> **WHAT TO WORK ON**
Copy nothing from the entries below except the lines from the one containing "#118=CARTESIAN_POINT('',(-27.,6.24803322038159,8.2));" through the one containing "#150=ORIENTED_EDGE('',*,*,#149,.F.);", and copy those exactly.

_ _ _ _

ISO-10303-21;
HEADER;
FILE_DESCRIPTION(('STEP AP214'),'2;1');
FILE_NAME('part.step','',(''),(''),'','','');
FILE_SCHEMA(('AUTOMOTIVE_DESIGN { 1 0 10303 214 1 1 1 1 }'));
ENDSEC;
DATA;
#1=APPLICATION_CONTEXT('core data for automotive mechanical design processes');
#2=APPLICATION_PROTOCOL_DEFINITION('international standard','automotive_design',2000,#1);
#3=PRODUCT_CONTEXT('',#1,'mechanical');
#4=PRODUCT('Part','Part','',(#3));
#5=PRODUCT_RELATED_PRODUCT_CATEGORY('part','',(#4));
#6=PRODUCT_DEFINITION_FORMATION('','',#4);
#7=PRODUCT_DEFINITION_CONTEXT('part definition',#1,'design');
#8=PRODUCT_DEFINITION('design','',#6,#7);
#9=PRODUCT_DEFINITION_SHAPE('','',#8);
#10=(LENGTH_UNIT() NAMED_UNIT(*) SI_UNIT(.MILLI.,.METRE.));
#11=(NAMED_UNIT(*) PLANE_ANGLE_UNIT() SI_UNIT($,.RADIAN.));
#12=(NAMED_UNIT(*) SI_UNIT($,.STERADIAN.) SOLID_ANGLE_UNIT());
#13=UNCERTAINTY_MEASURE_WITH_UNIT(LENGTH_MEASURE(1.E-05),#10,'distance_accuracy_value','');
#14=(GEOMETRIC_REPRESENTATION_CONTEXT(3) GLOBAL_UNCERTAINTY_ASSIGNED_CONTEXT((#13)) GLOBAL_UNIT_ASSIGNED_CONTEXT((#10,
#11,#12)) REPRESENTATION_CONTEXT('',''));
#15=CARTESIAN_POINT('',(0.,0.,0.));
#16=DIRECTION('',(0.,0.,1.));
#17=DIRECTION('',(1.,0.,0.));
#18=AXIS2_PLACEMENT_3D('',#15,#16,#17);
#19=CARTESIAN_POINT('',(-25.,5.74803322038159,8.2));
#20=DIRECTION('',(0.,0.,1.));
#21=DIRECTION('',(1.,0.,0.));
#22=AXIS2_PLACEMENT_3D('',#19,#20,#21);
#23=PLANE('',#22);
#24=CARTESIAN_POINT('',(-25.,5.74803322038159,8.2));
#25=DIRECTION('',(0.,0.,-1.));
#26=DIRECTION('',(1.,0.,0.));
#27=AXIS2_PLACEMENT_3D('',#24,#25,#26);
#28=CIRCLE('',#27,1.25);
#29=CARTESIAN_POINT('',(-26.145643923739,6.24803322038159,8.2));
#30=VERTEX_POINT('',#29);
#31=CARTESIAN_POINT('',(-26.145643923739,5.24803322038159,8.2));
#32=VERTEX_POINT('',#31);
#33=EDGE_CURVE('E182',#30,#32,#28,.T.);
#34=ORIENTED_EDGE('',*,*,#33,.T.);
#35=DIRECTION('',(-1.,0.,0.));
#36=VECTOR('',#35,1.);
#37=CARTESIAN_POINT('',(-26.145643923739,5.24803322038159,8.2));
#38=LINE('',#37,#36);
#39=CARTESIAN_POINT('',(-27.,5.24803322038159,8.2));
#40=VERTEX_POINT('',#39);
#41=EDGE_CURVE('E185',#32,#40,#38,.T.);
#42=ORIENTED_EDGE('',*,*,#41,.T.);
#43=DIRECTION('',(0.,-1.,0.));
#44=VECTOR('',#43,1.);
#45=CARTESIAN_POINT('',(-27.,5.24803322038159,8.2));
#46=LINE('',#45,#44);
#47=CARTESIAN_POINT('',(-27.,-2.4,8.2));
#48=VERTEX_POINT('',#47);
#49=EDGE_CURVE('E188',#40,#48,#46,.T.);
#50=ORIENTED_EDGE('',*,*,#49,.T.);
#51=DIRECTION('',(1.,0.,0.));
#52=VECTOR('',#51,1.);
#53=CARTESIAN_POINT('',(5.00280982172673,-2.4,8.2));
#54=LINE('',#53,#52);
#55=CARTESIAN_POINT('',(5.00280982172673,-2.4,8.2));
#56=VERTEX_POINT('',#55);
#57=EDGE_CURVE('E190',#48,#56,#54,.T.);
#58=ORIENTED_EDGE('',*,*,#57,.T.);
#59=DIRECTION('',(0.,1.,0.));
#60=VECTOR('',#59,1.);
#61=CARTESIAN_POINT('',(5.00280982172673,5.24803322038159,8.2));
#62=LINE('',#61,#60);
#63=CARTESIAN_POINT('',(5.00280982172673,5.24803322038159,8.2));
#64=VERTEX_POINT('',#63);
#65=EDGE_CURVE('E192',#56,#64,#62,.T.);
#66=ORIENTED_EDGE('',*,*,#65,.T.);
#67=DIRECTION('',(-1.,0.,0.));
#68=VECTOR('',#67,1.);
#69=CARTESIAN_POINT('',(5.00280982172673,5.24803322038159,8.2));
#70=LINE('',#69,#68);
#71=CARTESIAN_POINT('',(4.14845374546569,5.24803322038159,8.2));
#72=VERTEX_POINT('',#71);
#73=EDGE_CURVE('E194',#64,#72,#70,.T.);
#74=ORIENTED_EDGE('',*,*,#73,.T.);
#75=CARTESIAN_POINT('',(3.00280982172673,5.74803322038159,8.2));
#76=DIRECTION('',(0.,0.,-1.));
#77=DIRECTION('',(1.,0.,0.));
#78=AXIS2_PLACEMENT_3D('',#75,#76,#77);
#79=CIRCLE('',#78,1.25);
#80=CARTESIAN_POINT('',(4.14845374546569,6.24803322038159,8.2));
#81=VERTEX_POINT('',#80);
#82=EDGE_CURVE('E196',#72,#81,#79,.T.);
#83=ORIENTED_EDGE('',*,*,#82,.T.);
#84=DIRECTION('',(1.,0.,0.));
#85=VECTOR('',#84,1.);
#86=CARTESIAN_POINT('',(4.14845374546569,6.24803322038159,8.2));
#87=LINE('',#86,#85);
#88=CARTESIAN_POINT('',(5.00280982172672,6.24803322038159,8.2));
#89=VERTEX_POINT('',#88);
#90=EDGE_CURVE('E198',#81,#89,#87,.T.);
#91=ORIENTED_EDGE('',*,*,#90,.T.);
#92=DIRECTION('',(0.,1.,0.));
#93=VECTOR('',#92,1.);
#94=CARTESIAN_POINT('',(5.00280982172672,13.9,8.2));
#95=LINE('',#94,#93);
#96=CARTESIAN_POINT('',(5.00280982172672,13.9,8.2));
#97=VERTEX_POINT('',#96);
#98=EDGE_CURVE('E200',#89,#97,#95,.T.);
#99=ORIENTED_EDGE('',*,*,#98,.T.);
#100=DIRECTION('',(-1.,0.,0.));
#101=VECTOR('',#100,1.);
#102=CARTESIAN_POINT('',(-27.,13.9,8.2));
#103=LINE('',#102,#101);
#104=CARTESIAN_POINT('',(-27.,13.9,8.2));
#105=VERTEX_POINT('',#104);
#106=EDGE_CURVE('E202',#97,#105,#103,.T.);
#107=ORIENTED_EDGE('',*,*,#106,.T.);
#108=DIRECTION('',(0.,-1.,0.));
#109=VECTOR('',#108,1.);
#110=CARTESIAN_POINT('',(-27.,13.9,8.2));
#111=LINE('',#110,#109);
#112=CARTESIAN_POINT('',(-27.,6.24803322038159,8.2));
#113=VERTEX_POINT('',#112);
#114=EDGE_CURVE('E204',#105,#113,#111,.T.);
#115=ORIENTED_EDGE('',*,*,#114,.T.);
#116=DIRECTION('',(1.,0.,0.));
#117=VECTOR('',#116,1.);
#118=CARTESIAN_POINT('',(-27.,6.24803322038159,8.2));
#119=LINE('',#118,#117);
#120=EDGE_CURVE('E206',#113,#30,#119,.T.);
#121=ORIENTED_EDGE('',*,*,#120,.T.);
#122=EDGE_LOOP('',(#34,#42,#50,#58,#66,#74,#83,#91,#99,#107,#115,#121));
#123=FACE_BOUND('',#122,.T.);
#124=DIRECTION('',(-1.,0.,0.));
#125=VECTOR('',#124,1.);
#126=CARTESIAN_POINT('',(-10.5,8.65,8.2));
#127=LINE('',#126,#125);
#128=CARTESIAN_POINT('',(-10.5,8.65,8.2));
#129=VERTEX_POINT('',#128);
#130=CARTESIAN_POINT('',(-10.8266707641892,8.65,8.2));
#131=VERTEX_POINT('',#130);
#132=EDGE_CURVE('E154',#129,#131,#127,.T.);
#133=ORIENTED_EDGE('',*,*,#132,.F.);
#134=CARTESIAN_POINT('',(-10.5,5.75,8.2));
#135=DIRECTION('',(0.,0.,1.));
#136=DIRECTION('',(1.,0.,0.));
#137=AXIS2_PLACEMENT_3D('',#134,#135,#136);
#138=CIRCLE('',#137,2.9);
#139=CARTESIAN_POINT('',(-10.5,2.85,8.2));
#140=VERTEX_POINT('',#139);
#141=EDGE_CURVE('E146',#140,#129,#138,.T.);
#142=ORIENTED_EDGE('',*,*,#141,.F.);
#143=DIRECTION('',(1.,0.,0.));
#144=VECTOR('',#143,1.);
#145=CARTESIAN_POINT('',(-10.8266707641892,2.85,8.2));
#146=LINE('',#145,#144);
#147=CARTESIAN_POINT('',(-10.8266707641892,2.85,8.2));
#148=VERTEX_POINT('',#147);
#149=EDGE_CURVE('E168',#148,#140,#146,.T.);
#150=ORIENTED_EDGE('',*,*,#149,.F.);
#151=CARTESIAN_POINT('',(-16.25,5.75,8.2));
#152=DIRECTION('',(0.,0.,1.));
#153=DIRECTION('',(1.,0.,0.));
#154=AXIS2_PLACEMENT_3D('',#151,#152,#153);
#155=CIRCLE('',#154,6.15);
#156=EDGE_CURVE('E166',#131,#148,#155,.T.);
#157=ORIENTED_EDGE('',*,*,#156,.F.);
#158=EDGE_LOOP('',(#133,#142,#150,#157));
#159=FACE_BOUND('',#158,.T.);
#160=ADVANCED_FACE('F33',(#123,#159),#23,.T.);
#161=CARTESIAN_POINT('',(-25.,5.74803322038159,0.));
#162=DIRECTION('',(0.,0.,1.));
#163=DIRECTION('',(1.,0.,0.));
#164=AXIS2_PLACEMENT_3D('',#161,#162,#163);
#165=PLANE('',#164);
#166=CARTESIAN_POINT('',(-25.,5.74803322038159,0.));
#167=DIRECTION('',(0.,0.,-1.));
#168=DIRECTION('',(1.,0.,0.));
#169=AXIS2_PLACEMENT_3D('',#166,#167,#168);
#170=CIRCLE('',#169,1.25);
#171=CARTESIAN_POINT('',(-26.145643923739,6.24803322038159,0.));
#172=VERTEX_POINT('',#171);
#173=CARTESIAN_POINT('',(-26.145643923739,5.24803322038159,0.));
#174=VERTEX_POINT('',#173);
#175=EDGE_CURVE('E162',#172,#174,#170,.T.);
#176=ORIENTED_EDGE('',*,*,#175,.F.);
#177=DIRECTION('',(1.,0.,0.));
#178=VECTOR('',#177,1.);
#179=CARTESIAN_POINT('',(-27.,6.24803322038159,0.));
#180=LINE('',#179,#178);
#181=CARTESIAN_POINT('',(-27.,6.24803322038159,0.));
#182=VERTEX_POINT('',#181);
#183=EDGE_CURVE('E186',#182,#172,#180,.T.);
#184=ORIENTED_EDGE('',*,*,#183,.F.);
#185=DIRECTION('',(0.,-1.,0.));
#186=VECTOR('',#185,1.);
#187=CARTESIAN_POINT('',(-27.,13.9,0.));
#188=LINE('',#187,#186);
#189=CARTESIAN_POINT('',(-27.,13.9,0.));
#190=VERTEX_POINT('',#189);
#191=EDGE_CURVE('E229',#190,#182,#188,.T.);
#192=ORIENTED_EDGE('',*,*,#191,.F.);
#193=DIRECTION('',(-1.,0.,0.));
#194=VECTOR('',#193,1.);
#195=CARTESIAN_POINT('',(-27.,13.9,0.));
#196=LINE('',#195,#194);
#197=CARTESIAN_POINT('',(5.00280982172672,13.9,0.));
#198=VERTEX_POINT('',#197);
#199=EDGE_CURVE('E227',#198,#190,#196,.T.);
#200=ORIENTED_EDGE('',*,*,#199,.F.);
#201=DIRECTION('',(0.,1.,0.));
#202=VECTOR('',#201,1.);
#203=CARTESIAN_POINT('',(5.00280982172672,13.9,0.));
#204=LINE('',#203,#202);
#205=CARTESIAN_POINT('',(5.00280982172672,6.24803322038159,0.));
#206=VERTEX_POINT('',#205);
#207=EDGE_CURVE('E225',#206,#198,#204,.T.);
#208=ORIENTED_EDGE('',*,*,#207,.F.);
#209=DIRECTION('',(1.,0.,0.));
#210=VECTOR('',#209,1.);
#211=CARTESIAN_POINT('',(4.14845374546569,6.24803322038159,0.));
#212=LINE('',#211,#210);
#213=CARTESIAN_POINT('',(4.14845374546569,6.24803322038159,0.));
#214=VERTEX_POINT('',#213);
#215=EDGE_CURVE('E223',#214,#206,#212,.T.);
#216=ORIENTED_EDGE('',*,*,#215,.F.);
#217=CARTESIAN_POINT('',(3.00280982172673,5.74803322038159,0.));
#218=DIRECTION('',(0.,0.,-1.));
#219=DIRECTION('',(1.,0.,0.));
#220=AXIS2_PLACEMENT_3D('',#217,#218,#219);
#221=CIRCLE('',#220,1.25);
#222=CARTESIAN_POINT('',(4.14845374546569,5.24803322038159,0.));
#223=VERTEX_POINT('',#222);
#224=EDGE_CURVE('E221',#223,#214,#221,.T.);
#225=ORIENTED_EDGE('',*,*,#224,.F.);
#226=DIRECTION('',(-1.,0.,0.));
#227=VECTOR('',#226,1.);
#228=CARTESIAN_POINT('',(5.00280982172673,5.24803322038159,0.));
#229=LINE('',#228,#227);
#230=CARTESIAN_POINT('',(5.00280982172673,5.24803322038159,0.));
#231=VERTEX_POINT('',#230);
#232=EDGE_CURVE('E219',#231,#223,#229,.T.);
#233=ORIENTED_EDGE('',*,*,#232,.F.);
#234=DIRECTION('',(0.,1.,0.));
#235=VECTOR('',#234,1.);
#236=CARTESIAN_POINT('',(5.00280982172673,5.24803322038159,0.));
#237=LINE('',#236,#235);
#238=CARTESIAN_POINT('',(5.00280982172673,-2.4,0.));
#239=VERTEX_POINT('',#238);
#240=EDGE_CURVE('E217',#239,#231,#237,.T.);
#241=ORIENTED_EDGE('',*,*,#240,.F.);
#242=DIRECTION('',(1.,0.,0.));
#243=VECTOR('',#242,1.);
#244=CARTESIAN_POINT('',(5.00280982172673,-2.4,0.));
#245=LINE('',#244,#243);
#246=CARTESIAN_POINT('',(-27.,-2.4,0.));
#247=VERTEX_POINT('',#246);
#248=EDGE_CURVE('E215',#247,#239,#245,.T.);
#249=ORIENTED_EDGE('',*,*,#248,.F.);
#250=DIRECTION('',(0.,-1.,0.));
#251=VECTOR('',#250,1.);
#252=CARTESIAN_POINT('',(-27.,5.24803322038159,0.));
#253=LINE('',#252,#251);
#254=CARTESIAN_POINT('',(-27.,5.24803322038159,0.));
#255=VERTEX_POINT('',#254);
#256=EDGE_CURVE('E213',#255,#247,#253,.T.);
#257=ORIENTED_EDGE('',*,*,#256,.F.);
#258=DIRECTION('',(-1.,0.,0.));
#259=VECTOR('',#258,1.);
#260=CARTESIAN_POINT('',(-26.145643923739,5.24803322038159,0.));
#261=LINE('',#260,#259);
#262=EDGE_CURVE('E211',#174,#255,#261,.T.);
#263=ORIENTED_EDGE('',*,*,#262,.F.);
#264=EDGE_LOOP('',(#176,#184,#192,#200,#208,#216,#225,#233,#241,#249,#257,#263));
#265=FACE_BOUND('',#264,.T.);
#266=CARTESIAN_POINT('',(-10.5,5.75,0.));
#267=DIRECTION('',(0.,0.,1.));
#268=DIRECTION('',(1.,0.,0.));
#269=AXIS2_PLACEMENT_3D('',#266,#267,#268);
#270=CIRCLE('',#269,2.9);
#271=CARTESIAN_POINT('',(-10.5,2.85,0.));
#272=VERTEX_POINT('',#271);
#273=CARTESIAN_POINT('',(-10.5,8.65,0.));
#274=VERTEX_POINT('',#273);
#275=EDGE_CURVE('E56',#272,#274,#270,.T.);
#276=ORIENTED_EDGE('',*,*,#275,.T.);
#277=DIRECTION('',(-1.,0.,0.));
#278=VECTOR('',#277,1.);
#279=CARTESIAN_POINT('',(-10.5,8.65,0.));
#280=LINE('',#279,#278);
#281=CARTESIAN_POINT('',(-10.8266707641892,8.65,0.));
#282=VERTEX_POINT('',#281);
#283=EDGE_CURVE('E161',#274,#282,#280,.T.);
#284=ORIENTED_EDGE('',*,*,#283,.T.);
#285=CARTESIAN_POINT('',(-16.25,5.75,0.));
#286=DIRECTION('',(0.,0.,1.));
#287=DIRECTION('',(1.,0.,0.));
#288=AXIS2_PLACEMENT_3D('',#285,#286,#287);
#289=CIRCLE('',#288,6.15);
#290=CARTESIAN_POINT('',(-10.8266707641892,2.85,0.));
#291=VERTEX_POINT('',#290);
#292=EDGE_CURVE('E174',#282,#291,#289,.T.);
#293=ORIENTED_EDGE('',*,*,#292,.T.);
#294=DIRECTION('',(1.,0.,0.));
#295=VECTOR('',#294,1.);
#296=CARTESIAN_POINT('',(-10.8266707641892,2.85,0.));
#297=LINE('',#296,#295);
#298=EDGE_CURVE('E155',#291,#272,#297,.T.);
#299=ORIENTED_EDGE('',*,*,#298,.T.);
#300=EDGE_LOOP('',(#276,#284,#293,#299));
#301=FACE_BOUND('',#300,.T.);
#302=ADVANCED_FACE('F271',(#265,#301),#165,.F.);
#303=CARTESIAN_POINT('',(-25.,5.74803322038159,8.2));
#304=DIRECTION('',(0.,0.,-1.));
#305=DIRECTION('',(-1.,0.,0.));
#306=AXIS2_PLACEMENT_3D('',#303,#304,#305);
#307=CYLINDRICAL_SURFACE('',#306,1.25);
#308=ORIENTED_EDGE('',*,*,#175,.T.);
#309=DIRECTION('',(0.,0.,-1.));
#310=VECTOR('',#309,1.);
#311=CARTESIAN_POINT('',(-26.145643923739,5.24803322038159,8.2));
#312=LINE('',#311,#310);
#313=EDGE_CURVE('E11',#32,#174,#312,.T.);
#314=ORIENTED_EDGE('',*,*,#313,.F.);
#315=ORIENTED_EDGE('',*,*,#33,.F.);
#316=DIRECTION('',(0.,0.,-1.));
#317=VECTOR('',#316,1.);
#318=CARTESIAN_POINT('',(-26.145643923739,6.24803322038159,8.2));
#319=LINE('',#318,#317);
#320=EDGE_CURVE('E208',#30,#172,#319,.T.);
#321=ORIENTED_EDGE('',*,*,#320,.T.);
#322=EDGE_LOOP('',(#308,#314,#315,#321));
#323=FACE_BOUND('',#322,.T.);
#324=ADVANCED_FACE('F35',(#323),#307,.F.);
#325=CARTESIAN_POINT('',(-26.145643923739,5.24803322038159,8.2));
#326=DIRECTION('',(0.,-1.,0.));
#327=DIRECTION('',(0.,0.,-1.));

_ _ _ _

> **WRITTEN RESPONSE**
#118=CARTESIAN_POINT('',(-27.,6.24803322038159,8.2));
#119=LINE('',#118,#117);
#120=EDGE_CURVE('E206',#113,#30,#119,.T.);
#121=ORIENTED_EDGE('',*,*,#120,.T.);
#122=EDGE_LOOP('',(#34,#42,#50,#58,#66,#74,#83,#91,#99,#107,#115,#121));
#123=FACE_BOUND('',#122,.T.);
#124=DIRECTION('',(-1.,0.,0.));
#125=VECTOR('',#124,1.);
#126=CARTESIAN_POINT('',(-10.5,8.65,8.2));
#127=LINE('',#126,#125);
#128=CARTESIAN_POINT('',(-10.5,8.65,8.2));
#129=VERTEX_POINT('',#128);
#130=CARTESIAN_POINT('',(-10.8266707641892,8.65,8.2));
#131=VERTEX_POINT('',#130);
#132=EDGE_CURVE('E154',#129,#131,#127,.T.);
#133=ORIENTED_EDGE('',*,*,#132,.F.);
#134=CARTESIAN_POINT('',(-10.5,5.75,8.2));
#135=DIRECTION('',(0.,0.,1.));
#136=DIRECTION('',(1.,0.,0.));
#137=AXIS2_PLACEMENT_3D('',#134,#135,#136);
#138=CIRCLE('',#137,2.9);
#139=CARTESIAN_POINT('',(-10.5,2.85,8.2));
#140=VERTEX_POINT('',#139);
#141=EDGE_CURVE('E146',#140,#129,#138,.T.);
#142=ORIENTED_EDGE('',*,*,#141,.F.);
#143=DIRECTION('',(1.,0.,0.));
#144=VECTOR('',#143,1.);
#145=CARTESIAN_POINT('',(-10.8266707641892,2.85,8.2));
#146=LINE('',#145,#144);
#147=CARTESIAN_POINT('',(-10.8266707641892,2.85,8.2));
#148=VERTEX_POINT('',#147);
#149=EDGE_CURVE('E168',#148,#140,#146,.T.);
#150=ORIENTED_EDGE('',*,*,#149,.F.);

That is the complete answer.